═════ SOURCE DATA ═════

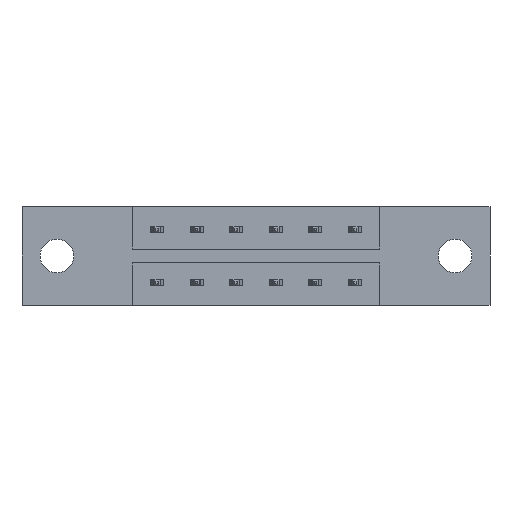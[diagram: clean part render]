
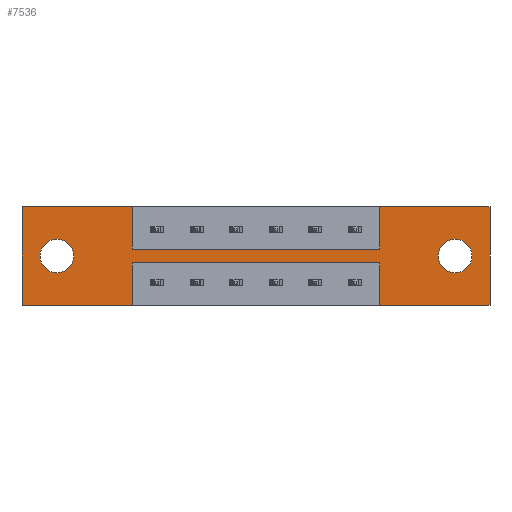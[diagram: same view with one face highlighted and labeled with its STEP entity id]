
A CAD part, front view. The second image highlights one B-rep face of the part: STEP entity #7536.
In plain terms, the highlighted planar face has unit normal (0, -1, 0).
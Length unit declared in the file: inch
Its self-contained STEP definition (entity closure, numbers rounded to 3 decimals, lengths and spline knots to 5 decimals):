
#120 = ORIENTED_EDGE ( 'NONE', *, *, #585, .F. ) ;
#130 = FACE_BOUND ( 'NONE', #1438, .T. ) ;
#132 = ORIENTED_EDGE ( 'NONE', *, *, #800, .T. ) ;
#162 = VERTEX_POINT ( 'NONE', #6181 ) ;
#223 = VERTEX_POINT ( 'NONE', #2220 ) ;
#232 = DIRECTION ( 'NONE',  ( 0., 0., -1. ) ) ;
#275 = CIRCLE ( 'NONE', #4663, 0.064 ) ;
#339 = FACE_BOUND ( 'NONE', #5058, .T. ) ;
#357 = DIRECTION ( 'NONE',  ( 0., 0., -1. ) ) ;
#398 = CARTESIAN_POINT ( 'NONE',  ( 0.1325, 0., -0.1875 ) ) ;
#452 = VERTEX_POINT ( 'NONE', #4449 ) ;
#502 = LINE ( 'NONE', #996, #2560 ) ;
#523 = VERTEX_POINT ( 'NONE', #4000 ) ;
#554 = CIRCLE ( 'NONE', #1613, 0.064 ) ;
#585 = EDGE_CURVE ( 'NONE', #7246, #6377, #3116, .T. ) ;
#725 = VECTOR ( 'NONE', #7311, 39.37008 ) ;
#728 = CARTESIAN_POINT ( 'NONE',  ( 0.4175, 0., -0.214 ) ) ;
#800 = EDGE_CURVE ( 'NONE', #6076, #4482, #4652, .T. ) ;
#914 = DIRECTION ( 'NONE',  ( 0., 0., -1. ) ) ;
#996 = CARTESIAN_POINT ( 'NONE',  ( 0., 0., -0.375 ) ) ;
#1087 = DIRECTION ( 'NONE',  ( 0., 1., 0. ) ) ;
#1139 = EDGE_LOOP ( 'NONE', ( #7952, #5030, #7709, #8137, #120, #7840, #1145, #6932, #6984, #4374, #3872, #4968 ) ) ;
#1145 = ORIENTED_EDGE ( 'NONE', *, *, #6952, .F. ) ;
#1438 = EDGE_LOOP ( 'NONE', ( #3258, #2157 ) ) ;
#1460 = DIRECTION ( 'NONE',  ( 0., -1., 0. ) ) ;
#1501 = EDGE_CURVE ( 'NONE', #1540, #3946, #4530, .T. ) ;
#1513 = LINE ( 'NONE', #3414, #8341 ) ;
#1540 = VERTEX_POINT ( 'NONE', #2522 ) ;
#1613 = AXIS2_PLACEMENT_3D ( 'NONE', #5645, #2978, #357 ) ;
#1631 = ORIENTED_EDGE ( 'NONE', *, *, #5419, .T. ) ;
#1684 = EDGE_CURVE ( 'NONE', #3946, #162, #4843, .T. ) ;
#2005 = CARTESIAN_POINT ( 'NONE',  ( 0.4175, 0., -0.161 ) ) ;
#2157 = ORIENTED_EDGE ( 'NONE', *, *, #7194, .T. ) ;
#2205 = LINE ( 'NONE', #2005, #7683 ) ;
#2219 = VERTEX_POINT ( 'NONE', #6461 ) ;
#2220 = CARTESIAN_POINT ( 'NONE',  ( 1.6425, 0., -0.2515 ) ) ;
#2418 = CARTESIAN_POINT ( 'NONE',  ( 1.3575, 0., -0.214 ) ) ;
#2509 = CIRCLE ( 'NONE', #6674, 0.064 ) ;
#2522 = CARTESIAN_POINT ( 'NONE',  ( 1.3575, 0., -0.375 ) ) ;
#2560 = VECTOR ( 'NONE', #5603, 39.37008 ) ;
#2622 = CARTESIAN_POINT ( 'NONE',  ( 0.1325, 0., -0.1235 ) ) ;
#2649 = CARTESIAN_POINT ( 'NONE',  ( 0.4175, 0., -0.161 ) ) ;
#2657 = CARTESIAN_POINT ( 'NONE',  ( 1.3575, 0., -0.161 ) ) ;
#2764 = DIRECTION ( 'NONE',  ( 0., 0., -1. ) ) ;
#2978 = DIRECTION ( 'NONE',  ( 0., 1., 0. ) ) ;
#3116 = LINE ( 'NONE', #2657, #7771 ) ;
#3253 = VERTEX_POINT ( 'NONE', #6355 ) ;
#3258 = ORIENTED_EDGE ( 'NONE', *, *, #7201, .T. ) ;
#3270 = CARTESIAN_POINT ( 'NONE',  ( 0., 0., 0. ) ) ;
#3323 = VERTEX_POINT ( 'NONE', #4470 ) ;
#3338 = VECTOR ( 'NONE', #6086, 39.37008 ) ;
#3372 = DIRECTION ( 'NONE',  ( 0., 0., 1. ) ) ;
#3411 = PLANE ( 'NONE',  #8387 ) ;
#3414 = CARTESIAN_POINT ( 'NONE',  ( 0., 0., 0. ) ) ;
#3420 = DIRECTION ( 'NONE',  ( 1., 0., 0. ) ) ;
#3424 = LINE ( 'NONE', #8115, #8469 ) ;
#3470 = EDGE_CURVE ( 'NONE', #6377, #2219, #1513, .T. ) ;
#3496 = DIRECTION ( 'NONE',  ( 0., 0., -1. ) ) ;
#3754 = EDGE_CURVE ( 'NONE', #523, #452, #502, .T. ) ;
#3762 = DIRECTION ( 'NONE',  ( 0., 0., 1. ) ) ;
#3872 = ORIENTED_EDGE ( 'NONE', *, *, #6511, .F. ) ;
#3905 = DIRECTION ( 'NONE',  ( 0., 0., 1. ) ) ;
#3946 = VERTEX_POINT ( 'NONE', #2418 ) ;
#3983 = VECTOR ( 'NONE', #3496, 39.37008 ) ;
#4000 = CARTESIAN_POINT ( 'NONE',  ( 0.4175, 0., -0.375 ) ) ;
#4054 = LINE ( 'NONE', #6800, #3338 ) ;
#4082 = DIRECTION ( 'NONE',  ( 0., 1., 0. ) ) ;
#4284 = LINE ( 'NONE', #6797, #3983 ) ;
#4334 = CARTESIAN_POINT ( 'NONE',  ( 1.3575, 0., -0.161 ) ) ;
#4374 = ORIENTED_EDGE ( 'NONE', *, *, #3754, .F. ) ;
#4449 = CARTESIAN_POINT ( 'NONE',  ( 0., 0., -0.375 ) ) ;
#4470 = CARTESIAN_POINT ( 'NONE',  ( 1.6425, 0., -0.1235 ) ) ;
#4482 = VERTEX_POINT ( 'NONE', #2622 ) ;
#4530 = LINE ( 'NONE', #4564, #7029 ) ;
#4564 = CARTESIAN_POINT ( 'NONE',  ( 1.3575, 0., -0.214 ) ) ;
#4608 = DIRECTION ( 'NONE',  ( 1., 0., 0. ) ) ;
#4652 = CIRCLE ( 'NONE', #8035, 0.064 ) ;
#4663 = AXIS2_PLACEMENT_3D ( 'NONE', #7423, #4082, #6082 ) ;
#4754 = VECTOR ( 'NONE', #3420, 39.37008 ) ;
#4843 = LINE ( 'NONE', #728, #725 ) ;
#4855 = CARTESIAN_POINT ( 'NONE',  ( 1.6425, 0., -0.1875 ) ) ;
#4968 = ORIENTED_EDGE ( 'NONE', *, *, #1684, .F. ) ;
#5030 = ORIENTED_EDGE ( 'NONE', *, *, #7714, .F. ) ;
#5058 = EDGE_LOOP ( 'NONE', ( #1631, #132 ) ) ;
#5060 = VERTEX_POINT ( 'NONE', #6207 ) ;
#5285 = CARTESIAN_POINT ( 'NONE',  ( 0.4175, 0., -0.161 ) ) ;
#5318 = VERTEX_POINT ( 'NONE', #2649 ) ;
#5355 = EDGE_CURVE ( 'NONE', #6236, #5060, #8417, .T. ) ;
#5419 = EDGE_CURVE ( 'NONE', #4482, #6076, #275, .T. ) ;
#5563 = DIRECTION ( 'NONE',  ( 0., 1., 0. ) ) ;
#5603 = DIRECTION ( 'NONE',  ( -1., 0., 0. ) ) ;
#5645 = CARTESIAN_POINT ( 'NONE',  ( 1.6425, 0., -0.1875 ) ) ;
#5890 = FACE_OUTER_BOUND ( 'NONE', #1139, .T. ) ;
#5928 = CARTESIAN_POINT ( 'NONE',  ( 0., 0., -0.375 ) ) ;
#6076 = VERTEX_POINT ( 'NONE', #6357 ) ;
#6082 = DIRECTION ( 'NONE',  ( 0., 0., 1. ) ) ;
#6086 = DIRECTION ( 'NONE',  ( -1., 0., 0. ) ) ;
#6181 = CARTESIAN_POINT ( 'NONE',  ( 0.4175, 0., -0.214 ) ) ;
#6207 = CARTESIAN_POINT ( 'NONE',  ( 0.4175, 0., 0. ) ) ;
#6236 = VERTEX_POINT ( 'NONE', #6470 ) ;
#6355 = CARTESIAN_POINT ( 'NONE',  ( 1.775, 0., -0.375 ) ) ;
#6357 = CARTESIAN_POINT ( 'NONE',  ( 0.1325, 0., -0.2515 ) ) ;
#6377 = VERTEX_POINT ( 'NONE', #7306 ) ;
#6461 = CARTESIAN_POINT ( 'NONE',  ( 1.775, 0., 0. ) ) ;
#6470 = CARTESIAN_POINT ( 'NONE',  ( 0., 0., 0. ) ) ;
#6511 = EDGE_CURVE ( 'NONE', #162, #523, #4284, .T. ) ;
#6516 = LINE ( 'NONE', #5285, #4754 ) ;
#6674 = AXIS2_PLACEMENT_3D ( 'NONE', #4855, #5563, #914 ) ;
#6797 = CARTESIAN_POINT ( 'NONE',  ( 0.4175, 0., -0.214 ) ) ;
#6800 = CARTESIAN_POINT ( 'NONE',  ( 0., 0., -0.375 ) ) ;
#6932 = ORIENTED_EDGE ( 'NONE', *, *, #5355, .F. ) ;
#6952 = EDGE_CURVE ( 'NONE', #5060, #5318, #2205, .T. ) ;
#6984 = ORIENTED_EDGE ( 'NONE', *, *, #8030, .F. ) ;
#7029 = VECTOR ( 'NONE', #8404, 39.37008 ) ;
#7194 = EDGE_CURVE ( 'NONE', #223, #3323, #2509, .T. ) ;
#7201 = EDGE_CURVE ( 'NONE', #3323, #223, #554, .T. ) ;
#7246 = VERTEX_POINT ( 'NONE', #4334 ) ;
#7306 = CARTESIAN_POINT ( 'NONE',  ( 1.3575, 0., 0. ) ) ;
#7311 = DIRECTION ( 'NONE',  ( -1., 0., 0. ) ) ;
#7423 = CARTESIAN_POINT ( 'NONE',  ( 0.1325, 0., -0.1875 ) ) ;
#7458 = VECTOR ( 'NONE', #3905, 39.37008 ) ;
#7536 = ADVANCED_FACE ( 'NONE', ( #130, #339, #5890 ), #3411, .T. ) ;
#7683 = VECTOR ( 'NONE', #232, 39.37008 ) ;
#7709 = ORIENTED_EDGE ( 'NONE', *, *, #8419, .F. ) ;
#7714 = EDGE_CURVE ( 'NONE', #3253, #1540, #4054, .T. ) ;
#7771 = VECTOR ( 'NONE', #3372, 39.37008 ) ;
#7827 = DIRECTION ( 'NONE',  ( 1., 0., 0. ) ) ;
#7830 = CARTESIAN_POINT ( 'NONE',  ( 0., 0., 0. ) ) ;
#7840 = ORIENTED_EDGE ( 'NONE', *, *, #8211, .F. ) ;
#7864 = LINE ( 'NONE', #7830, #7458 ) ;
#7952 = ORIENTED_EDGE ( 'NONE', *, *, #1501, .F. ) ;
#8030 = EDGE_CURVE ( 'NONE', #452, #6236, #7864, .T. ) ;
#8035 = AXIS2_PLACEMENT_3D ( 'NONE', #398, #1087, #3762 ) ;
#8115 = CARTESIAN_POINT ( 'NONE',  ( 1.775, 0., 0. ) ) ;
#8137 = ORIENTED_EDGE ( 'NONE', *, *, #3470, .F. ) ;
#8168 = DIRECTION ( 'NONE',  ( 0., 0., -1. ) ) ;
#8211 = EDGE_CURVE ( 'NONE', #5318, #7246, #6516, .T. ) ;
#8326 = VECTOR ( 'NONE', #7827, 39.37008 ) ;
#8341 = VECTOR ( 'NONE', #4608, 39.37008 ) ;
#8387 = AXIS2_PLACEMENT_3D ( 'NONE', #5928, #1460, #2764 ) ;
#8404 = DIRECTION ( 'NONE',  ( 0., 0., 1. ) ) ;
#8417 = LINE ( 'NONE', #3270, #8326 ) ;
#8419 = EDGE_CURVE ( 'NONE', #2219, #3253, #3424, .T. ) ;
#8469 = VECTOR ( 'NONE', #8168, 39.37008 ) ;

═════

» **EXERCISE REQUIREMENTS**
Give the number of lines in the material above that include the string "unit", with no further text.

» **YOUR SOLUTION**
2